═══ Extracted entries ═══

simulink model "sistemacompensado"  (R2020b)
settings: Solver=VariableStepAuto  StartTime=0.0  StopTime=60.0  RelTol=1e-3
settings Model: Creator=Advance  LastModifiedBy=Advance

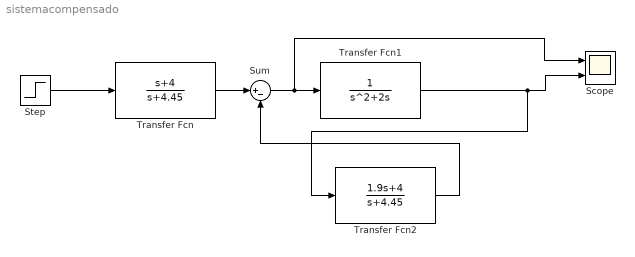
== system sistemacompensado ==
  Scope : Scope  NumInputPorts=2
  Step : Step  Time=0  After=100  SampleTime=0
  Sum : Sum  Inputs=|+-
  Transfer Fcn : TransferFcn  Numerator=[1 4]  Denominator=[1 4.45]
  Transfer Fcn1 : TransferFcn  Denominator=[1 2 0]
  Transfer Fcn2 : TransferFcn  Numerator="[1.9  4]"  Denominator=[1 4.45]
  wires:
  Step/1 -> Transfer Fcn/1
  Transfer Fcn/1 -> Sum/1
  Sum/1 -> Scope/1, Transfer Fcn1/1
  Transfer Fcn1/1 -> Transfer Fcn2/1, Scope/2
  Transfer Fcn2/1 -> Sum/2

═══

Everything from the line with "Transfer Fcn/1 -> Sum/1" down to the last line of the data above should be returned exactly, with both ends kept and nothing added.

Result for this exercise:
  Transfer Fcn/1 -> Sum/1
  Sum/1 -> Scope/1, Transfer Fcn1/1
  Transfer Fcn1/1 -> Transfer Fcn2/1, Scope/2
  Transfer Fcn2/1 -> Sum/2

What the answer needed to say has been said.